Agencja twierdzi, że nowa strategia działania więzienia w Guantanamo będzie początkowo koncentrować się m.in. na dalszym zmniejszaniu liczby więźniów. 

Pandemia nie pomaga

Jakikolwiek plan zamknięcia może jednak początkowo utrudniać pandemia koronawirusa. 

"Przeniesienie więźniów na razie jest mało prawdopodobne" - wskazuje agencja Reutera dodając, że w ciągu trzech tygodni od objęcia przez Bidena urzędu prezydenta jego administracja nie uczyniła więzienia w Guantanamo jednym ze swoich priorytetów.

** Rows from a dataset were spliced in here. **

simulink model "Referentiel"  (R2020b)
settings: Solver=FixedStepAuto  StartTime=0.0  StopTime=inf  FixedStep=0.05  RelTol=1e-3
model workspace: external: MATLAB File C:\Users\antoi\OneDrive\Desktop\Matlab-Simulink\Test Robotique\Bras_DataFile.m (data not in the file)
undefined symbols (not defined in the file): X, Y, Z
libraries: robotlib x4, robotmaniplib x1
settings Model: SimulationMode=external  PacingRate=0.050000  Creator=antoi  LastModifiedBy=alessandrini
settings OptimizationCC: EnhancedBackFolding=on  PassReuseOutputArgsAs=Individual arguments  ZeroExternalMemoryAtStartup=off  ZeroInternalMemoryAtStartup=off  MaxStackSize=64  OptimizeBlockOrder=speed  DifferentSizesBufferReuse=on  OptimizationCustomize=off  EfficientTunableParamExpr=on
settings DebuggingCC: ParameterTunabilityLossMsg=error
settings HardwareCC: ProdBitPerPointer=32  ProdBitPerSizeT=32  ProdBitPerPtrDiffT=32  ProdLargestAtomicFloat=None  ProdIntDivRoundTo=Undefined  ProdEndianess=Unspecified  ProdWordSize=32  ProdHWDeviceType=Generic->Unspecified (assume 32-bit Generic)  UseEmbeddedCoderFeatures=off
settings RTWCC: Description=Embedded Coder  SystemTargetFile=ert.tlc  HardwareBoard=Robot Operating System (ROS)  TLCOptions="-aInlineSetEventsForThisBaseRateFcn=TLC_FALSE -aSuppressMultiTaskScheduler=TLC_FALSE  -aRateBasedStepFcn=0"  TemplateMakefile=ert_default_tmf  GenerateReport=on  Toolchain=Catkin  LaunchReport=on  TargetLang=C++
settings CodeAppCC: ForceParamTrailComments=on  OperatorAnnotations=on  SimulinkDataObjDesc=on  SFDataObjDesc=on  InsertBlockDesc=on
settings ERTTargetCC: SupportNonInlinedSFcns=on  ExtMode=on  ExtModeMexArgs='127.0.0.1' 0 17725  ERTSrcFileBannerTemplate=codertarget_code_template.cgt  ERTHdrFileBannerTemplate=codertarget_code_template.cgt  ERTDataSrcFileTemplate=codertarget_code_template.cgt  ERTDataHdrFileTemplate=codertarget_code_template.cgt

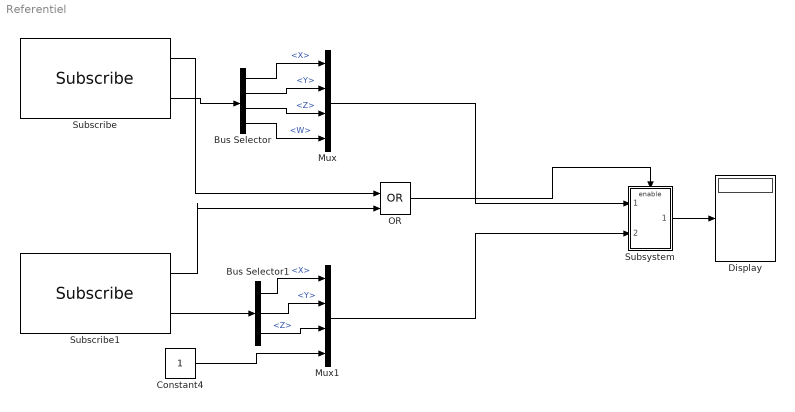
== system Referentiel ==
  Bus Selector : BusSelector  OutputSignals=X,Y,Z,W
  Bus Selector1 : BusSelector  OutputSignals=X,Y,Z
  Constant4 : Constant
  Display : Display
  Mux : Mux
  Mux1 : Mux
  OR : Logic  Operator=OR  IconShape=distinctive  AllPortsSameDT=off  OutDataTypeStr=boolean
  Subscribe : robotlib/Subscribe  topicSource=Specify your own  topic=/angles_referentiel  messageType=geometry_msgs/Quaternion  SampleTime=-1  legacyBusStruct=off  messageQueueLength=1
  Subscribe1 : robotlib/Subscribe  topicSource=Specify your own  topic=/position_camera  messageType=geometry_msgs/Point  SampleTime=-1  legacyBusStruct=off  messageQueueLength=1
  Subsystem : Subsystem
  wires:
  Bus Selector1/1 -> Mux1/1  "<X>"
  Bus Selector1/2 -> Mux1/2  "<Y>"
  Subscribe1/2 -> Bus Selector1/1
  Bus Selector1/3 -> Mux1/3  "<Z>"
  Constant4/1 -> Mux1/4
  Subscribe/2 -> Bus Selector/1
  Bus Selector/1 -> Mux/1  "<X>"
  Bus Selector/2 -> Mux/2  "<Y>"
  Bus Selector/3 -> Mux/3  "<Z>"
  Bus Selector/4 -> Mux/4  "<W>"
  Subscribe1/1 -> OR/2
  Subscribe/1 -> OR/1
  Mux/1 -> Subsystem/1(Config)
  Mux1/1 -> Subsystem/2(In2)
  OR/1 -> Subsystem/Enable
  Subsystem/1(Out1) -> Display/1

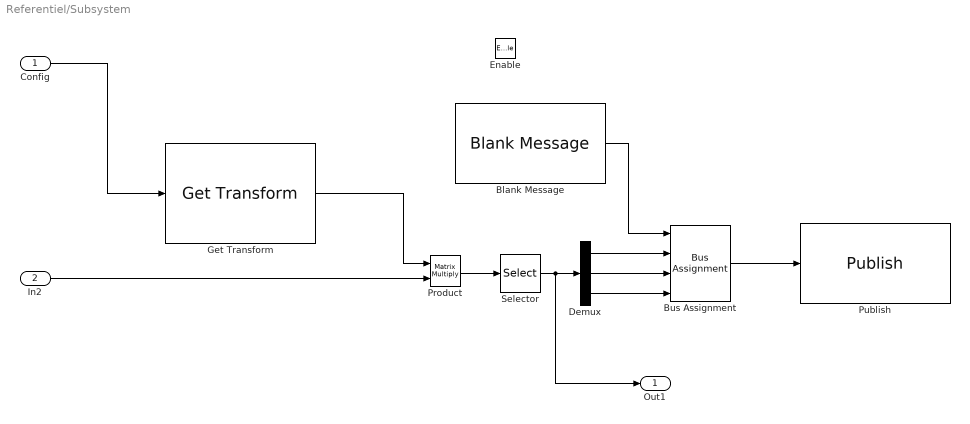
== system Referentiel/Subsystem ==
  Config : Inport
  In2 : Inport  Port=2
  Enable : EnablePort
  Blank Message : robotlib/Blank Message  messageClass=Message  entityType=geometry_msgs/Point  messageType=geometry_msgs/Point  SampleTime=0.05  legacyBusStruct=off
  Bus Assignment : BusAssignment  AssignedSignals=X,Y,Z
  Demux : Demux  Outputs=3
  Get Transform : robotmaniplib/Get Transform  RigidBodyTree=robot  SourceBody=Body6  TargetBody=Base  SimulateUsing=Interpreted execution
  Product : Product  Multiplication=Matrix(*)
  Publish : robotlib/Publish  topicSource=Specify your own  topic=/position_robot  messageType=geometry_msgs/Point  legacyBusStruct=off  messageQueueLength=1
  Selector : Selector  InputPortWidth=4  IndexOptions=Starting index (dialog)  Indices=[1]  OutputSizes=3
  Out1 : Outport
  wires:
  Selector/1 -> Out1/1, Demux/1
  In2/1 -> Product/2
  Blank Message/1 -> Bus Assignment/1
  Product/1 -> Selector/1
  Bus Assignment/1 -> Publish/1
  Config/1 -> Get Transform/1
  Get Transform/1 -> Product/1
  Demux/1 -> Bus Assignment/2
  Demux/3 -> Bus Assignment/4
  Demux/2 -> Bus Assignment/3

Ważniejsza jest teraz walka z pandemią i jej skutkami gospodarczymi.

"Obama uznał zamknięcie Guantanamo za jedno ze swoich pierwszych zarządzeń wykonawczych w 2009 r., ale nie udało mu się to do końca drugiej kadencji" - przypomina Reuters.

Chociaż miło mi słyszeć, że nowa administracja dokona przeglądu pod kątem zamknięcia Guantanamo, to niepokojące jest, że nadchodzi to tak późno - powiedziała Andrea Prasow, zastępca dyrektora Human Rights Watch w Waszyngtonie.

Sceptyzm kontra chęć zmian

Zamknięcie obiektu w Guantanamo było, jak wskazuje Reuters, żądaniem postępowych Demokratów, których wsparcie pomogło Bidenowi zdobyć fotel prezydenta. 

Ponad sto organizacji praw człowieka podpisało list do obecnego prezydenta, w którym wezwało go do zamknięcia więzienia i zakończenia bezterminowego przetrzymywania w nim podejrzanych. 

Prywatnie natomiast, jak twierdzi Reuters, urzędnicy administracji wyrażają sceptycyzm co do uzyskania potrzebnego wsparcia od Kongresu do zamknięcia ośrodka na Kubie. 

"Jeśli uwolnimy tych więźniów, staną się gwiazdami islamskiego ekstremistycznego świata, stwarzając jeszcze większe zagrożenie dla Ameryki i świata" - argumentował na Twitterze Mike Waltz kongresmen z Partii Republikańskiej. 

Ci, którzy pozostali

Z pozostałych w Guantanamo więźniów 9 oskarżono lub skazano przez komisje wojskowe. Około 24 nie zostało oskarżonych, ale uznano ich za zbyt niebezpiecznych, aby mogli zostać wypuszczeni na wolność. Komisja rządowa zwolniła 6 osadzonych, ale nadal pozostają oni w więzieniu.